• Assignment:
Which of the lines below hold the word "system"? Pull each of them out.
===== Given data
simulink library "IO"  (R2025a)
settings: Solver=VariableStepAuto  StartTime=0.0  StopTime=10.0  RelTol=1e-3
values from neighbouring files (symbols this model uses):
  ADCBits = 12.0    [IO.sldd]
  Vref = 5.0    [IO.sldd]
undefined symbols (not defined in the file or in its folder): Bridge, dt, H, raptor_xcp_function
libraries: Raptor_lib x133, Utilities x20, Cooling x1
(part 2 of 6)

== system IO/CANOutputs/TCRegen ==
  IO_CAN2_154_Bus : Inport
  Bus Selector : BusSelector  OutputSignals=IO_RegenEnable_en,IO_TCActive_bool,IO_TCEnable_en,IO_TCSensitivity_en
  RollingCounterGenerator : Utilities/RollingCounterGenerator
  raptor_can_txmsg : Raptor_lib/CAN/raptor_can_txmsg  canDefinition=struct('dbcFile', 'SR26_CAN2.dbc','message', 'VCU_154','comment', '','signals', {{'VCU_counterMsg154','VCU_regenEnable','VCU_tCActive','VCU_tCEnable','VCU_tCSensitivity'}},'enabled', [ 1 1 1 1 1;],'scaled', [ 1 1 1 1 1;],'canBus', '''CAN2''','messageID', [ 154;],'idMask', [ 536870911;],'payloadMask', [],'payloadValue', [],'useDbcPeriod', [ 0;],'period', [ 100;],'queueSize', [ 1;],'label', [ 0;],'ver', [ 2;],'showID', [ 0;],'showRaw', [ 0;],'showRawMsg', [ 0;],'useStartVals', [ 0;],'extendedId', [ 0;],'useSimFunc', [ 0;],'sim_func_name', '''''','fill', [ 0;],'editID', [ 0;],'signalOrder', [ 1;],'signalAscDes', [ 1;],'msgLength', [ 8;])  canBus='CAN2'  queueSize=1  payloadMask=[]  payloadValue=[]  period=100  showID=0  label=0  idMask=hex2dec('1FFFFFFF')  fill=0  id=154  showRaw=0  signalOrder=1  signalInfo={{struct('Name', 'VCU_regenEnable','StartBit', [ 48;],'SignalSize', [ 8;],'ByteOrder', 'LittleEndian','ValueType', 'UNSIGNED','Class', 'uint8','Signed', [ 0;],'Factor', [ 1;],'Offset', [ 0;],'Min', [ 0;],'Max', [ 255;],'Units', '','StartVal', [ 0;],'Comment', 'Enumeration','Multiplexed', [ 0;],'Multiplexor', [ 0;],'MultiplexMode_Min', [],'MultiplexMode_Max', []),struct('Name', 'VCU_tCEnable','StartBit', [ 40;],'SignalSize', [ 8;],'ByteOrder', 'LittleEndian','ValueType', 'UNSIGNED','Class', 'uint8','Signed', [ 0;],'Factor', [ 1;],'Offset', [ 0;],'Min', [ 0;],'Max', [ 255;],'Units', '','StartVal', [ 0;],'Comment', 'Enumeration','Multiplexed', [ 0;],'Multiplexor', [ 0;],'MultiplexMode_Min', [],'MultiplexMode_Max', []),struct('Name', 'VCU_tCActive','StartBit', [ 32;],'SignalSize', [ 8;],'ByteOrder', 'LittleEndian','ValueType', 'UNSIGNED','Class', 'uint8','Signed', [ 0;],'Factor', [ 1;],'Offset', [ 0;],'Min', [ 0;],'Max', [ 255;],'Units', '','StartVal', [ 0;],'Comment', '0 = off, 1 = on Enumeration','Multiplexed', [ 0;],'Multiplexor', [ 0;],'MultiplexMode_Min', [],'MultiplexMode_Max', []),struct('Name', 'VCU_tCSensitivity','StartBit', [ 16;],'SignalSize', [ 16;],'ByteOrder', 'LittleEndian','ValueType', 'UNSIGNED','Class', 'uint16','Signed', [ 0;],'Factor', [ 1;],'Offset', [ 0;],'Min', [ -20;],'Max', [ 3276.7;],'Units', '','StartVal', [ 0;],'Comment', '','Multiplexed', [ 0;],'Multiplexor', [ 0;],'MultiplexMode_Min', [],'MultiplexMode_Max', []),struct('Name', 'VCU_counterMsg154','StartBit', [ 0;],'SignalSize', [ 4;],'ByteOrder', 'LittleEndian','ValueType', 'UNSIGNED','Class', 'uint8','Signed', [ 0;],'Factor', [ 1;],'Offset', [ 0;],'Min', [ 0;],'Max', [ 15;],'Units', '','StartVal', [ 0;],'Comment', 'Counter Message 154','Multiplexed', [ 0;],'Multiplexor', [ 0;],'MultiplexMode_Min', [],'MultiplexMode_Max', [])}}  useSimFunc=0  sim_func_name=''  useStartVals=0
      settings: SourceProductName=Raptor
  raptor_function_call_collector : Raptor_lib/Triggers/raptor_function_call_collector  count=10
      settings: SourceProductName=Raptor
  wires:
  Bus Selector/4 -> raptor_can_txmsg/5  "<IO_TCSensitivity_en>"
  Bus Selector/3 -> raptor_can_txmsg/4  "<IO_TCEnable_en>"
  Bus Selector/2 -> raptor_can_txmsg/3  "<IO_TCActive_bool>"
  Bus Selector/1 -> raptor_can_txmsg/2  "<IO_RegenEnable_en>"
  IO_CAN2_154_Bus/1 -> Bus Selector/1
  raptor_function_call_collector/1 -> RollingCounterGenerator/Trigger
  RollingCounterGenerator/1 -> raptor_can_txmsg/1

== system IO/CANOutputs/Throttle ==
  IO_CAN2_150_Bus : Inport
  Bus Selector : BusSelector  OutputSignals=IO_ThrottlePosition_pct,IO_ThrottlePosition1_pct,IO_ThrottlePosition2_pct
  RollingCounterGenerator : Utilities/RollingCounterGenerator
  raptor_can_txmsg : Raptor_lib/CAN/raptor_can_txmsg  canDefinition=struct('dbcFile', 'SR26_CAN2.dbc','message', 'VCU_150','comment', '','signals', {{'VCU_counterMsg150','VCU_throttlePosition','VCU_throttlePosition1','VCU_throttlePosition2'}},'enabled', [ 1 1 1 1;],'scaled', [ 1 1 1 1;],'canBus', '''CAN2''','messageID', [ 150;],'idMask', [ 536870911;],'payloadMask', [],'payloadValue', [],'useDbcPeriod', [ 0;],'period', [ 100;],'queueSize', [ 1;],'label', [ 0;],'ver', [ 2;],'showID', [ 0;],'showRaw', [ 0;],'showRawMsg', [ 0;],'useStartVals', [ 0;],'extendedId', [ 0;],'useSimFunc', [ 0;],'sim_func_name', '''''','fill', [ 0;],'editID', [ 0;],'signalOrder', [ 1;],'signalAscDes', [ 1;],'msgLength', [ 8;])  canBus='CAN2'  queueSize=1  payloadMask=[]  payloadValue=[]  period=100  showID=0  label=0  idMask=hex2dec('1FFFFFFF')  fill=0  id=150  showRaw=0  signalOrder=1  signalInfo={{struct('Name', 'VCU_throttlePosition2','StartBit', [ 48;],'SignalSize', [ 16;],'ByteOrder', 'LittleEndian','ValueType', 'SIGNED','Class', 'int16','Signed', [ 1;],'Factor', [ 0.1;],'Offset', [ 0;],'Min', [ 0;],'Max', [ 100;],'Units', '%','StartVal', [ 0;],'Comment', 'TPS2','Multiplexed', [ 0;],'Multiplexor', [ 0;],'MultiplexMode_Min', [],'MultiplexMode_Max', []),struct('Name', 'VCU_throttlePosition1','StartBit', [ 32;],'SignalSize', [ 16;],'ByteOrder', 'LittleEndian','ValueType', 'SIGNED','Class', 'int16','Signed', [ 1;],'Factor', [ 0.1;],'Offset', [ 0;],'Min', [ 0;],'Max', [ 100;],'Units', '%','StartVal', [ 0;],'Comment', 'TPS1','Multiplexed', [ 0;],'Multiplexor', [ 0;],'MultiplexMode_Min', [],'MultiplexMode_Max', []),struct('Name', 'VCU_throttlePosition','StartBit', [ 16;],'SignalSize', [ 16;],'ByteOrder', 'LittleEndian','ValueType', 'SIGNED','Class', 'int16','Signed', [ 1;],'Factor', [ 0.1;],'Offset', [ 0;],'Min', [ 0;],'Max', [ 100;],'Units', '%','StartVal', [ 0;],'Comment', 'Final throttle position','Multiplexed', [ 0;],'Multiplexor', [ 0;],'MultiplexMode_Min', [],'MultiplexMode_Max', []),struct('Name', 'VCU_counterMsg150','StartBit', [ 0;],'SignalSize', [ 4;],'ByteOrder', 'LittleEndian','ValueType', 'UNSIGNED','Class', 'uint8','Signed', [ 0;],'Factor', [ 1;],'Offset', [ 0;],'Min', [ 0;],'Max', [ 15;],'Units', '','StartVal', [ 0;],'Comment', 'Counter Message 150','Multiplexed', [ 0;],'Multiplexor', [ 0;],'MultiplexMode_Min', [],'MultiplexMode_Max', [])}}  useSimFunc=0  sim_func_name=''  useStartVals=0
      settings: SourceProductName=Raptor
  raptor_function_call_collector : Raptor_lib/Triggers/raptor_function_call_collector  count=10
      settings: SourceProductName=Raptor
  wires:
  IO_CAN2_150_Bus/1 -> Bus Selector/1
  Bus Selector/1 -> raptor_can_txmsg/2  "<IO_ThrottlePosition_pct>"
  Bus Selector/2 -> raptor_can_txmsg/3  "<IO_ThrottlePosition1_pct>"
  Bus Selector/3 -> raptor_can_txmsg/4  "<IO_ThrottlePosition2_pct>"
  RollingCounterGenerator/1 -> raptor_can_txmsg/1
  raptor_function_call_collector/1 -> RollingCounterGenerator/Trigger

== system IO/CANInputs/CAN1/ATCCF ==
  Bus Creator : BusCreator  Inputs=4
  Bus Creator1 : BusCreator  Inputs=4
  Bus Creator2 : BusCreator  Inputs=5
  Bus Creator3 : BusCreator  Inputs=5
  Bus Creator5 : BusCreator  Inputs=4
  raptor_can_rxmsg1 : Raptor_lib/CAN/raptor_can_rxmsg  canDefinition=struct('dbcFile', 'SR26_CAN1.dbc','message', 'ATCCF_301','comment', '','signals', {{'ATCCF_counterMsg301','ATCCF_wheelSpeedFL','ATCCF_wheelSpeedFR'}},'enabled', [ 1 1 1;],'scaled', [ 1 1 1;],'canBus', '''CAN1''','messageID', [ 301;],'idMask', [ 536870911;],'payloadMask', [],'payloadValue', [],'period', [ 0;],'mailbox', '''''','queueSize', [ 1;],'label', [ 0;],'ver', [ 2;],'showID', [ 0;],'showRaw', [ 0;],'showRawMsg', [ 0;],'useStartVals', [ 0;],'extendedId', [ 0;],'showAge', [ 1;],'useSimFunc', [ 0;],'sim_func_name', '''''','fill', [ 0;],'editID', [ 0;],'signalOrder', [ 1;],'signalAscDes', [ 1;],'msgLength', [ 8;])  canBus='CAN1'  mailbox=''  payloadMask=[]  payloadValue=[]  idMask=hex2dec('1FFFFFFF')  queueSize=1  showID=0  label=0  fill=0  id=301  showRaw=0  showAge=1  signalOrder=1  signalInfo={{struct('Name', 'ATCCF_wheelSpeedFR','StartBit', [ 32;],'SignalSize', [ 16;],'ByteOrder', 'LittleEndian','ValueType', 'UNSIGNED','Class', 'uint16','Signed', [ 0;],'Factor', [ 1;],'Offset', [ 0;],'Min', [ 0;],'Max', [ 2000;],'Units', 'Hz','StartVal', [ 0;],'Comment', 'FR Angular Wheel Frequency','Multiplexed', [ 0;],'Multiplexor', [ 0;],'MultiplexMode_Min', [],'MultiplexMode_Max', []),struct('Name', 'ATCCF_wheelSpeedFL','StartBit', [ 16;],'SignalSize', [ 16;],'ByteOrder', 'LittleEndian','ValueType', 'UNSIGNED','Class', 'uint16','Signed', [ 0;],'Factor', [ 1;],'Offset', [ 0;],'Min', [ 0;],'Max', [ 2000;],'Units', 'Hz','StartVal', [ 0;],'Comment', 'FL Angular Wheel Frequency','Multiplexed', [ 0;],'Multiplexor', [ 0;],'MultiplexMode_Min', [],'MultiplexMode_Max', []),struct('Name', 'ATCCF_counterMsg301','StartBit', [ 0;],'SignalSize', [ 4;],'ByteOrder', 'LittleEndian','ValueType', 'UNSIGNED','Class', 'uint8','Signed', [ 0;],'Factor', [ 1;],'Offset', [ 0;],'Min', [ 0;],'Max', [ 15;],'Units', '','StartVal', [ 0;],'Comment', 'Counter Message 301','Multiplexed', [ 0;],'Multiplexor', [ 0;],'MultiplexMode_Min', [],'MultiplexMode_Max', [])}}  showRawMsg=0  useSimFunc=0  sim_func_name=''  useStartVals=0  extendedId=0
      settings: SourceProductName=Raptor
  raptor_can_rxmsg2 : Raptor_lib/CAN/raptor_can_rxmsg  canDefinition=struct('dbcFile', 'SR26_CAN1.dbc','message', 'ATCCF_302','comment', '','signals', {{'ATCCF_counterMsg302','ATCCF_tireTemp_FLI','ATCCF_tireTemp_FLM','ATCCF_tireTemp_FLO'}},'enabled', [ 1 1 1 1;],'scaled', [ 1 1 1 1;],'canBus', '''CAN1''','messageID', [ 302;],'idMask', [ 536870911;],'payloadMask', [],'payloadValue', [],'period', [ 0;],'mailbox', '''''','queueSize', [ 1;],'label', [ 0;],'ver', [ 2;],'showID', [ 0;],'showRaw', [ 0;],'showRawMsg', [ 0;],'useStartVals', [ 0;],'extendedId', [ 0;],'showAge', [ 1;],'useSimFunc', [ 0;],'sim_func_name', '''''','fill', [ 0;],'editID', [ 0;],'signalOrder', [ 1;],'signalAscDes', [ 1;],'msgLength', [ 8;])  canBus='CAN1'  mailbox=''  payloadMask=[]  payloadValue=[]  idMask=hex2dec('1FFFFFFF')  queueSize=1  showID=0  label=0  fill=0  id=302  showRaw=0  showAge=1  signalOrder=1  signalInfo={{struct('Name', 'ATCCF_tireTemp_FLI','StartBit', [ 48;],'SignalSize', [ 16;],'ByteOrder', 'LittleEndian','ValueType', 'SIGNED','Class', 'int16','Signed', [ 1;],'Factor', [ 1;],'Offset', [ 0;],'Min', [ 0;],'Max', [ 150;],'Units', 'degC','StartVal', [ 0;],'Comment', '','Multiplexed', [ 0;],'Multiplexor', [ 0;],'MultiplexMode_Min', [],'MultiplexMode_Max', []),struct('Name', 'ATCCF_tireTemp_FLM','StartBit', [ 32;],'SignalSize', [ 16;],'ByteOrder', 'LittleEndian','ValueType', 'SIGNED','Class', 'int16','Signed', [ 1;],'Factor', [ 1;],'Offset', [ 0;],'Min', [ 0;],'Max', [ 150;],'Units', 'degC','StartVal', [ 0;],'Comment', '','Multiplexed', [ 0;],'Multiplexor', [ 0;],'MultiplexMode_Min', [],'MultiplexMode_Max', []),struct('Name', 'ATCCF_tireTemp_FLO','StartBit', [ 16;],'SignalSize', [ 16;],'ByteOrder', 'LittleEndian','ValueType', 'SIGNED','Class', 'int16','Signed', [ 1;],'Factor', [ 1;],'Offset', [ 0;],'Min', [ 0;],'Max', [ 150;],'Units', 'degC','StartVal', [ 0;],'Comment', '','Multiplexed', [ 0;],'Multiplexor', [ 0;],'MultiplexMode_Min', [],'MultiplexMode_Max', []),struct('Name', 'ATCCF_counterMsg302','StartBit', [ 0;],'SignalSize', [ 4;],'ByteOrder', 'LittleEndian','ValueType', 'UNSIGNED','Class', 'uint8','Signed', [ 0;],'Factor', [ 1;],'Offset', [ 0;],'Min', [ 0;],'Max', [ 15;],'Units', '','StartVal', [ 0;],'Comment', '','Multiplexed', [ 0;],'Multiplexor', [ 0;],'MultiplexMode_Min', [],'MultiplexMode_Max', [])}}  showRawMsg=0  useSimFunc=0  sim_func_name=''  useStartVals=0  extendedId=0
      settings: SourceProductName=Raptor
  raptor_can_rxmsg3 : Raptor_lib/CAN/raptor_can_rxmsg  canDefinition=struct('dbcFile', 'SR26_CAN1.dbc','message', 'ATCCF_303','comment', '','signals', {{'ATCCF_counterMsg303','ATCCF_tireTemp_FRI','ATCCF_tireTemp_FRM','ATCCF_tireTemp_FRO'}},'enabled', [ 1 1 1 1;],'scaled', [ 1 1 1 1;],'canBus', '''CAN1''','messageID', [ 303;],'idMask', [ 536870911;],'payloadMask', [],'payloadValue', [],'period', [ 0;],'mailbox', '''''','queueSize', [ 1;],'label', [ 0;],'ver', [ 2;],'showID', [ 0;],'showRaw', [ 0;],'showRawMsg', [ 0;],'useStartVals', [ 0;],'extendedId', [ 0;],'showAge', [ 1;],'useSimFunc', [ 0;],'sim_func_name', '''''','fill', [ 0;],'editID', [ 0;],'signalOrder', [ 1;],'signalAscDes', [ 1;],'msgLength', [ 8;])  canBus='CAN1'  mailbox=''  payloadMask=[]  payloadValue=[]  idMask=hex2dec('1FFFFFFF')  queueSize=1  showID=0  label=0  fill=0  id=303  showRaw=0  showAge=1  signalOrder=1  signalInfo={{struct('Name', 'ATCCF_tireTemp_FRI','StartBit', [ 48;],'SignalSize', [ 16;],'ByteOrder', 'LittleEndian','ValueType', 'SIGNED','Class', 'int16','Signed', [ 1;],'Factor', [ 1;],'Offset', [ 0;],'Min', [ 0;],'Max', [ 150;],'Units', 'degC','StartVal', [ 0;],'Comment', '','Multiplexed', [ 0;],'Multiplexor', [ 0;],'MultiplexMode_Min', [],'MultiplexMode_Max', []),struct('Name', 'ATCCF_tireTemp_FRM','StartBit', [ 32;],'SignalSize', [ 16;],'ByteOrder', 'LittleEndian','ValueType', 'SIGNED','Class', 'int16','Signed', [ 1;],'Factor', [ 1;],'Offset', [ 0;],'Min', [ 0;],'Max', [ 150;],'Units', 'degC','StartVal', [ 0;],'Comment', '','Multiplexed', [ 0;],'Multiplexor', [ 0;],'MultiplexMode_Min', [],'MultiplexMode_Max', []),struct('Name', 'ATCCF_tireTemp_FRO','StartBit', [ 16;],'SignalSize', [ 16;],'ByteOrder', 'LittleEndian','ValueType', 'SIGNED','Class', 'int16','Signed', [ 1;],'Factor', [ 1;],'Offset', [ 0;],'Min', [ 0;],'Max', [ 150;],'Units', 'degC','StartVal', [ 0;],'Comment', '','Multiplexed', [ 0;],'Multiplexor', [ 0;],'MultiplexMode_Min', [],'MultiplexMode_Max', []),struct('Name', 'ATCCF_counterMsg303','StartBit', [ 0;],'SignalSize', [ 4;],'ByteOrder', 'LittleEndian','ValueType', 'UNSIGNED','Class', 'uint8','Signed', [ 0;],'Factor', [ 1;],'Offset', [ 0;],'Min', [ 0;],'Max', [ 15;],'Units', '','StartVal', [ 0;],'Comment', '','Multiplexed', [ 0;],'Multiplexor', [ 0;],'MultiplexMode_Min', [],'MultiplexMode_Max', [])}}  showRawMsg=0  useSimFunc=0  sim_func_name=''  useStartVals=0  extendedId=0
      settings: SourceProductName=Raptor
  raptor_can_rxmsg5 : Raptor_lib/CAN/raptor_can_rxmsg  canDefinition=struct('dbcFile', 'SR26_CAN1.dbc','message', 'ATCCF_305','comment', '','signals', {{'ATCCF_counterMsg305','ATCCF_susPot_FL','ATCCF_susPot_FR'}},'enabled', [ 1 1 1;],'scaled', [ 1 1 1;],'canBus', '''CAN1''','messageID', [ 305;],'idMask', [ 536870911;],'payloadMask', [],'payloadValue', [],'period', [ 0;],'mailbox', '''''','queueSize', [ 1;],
==========
• Output below:
== system IO/CANOutputs/TCRegen ==
== system IO/CANOutputs/Throttle ==
== system IO/CANInputs/CAN1/ATCCF ==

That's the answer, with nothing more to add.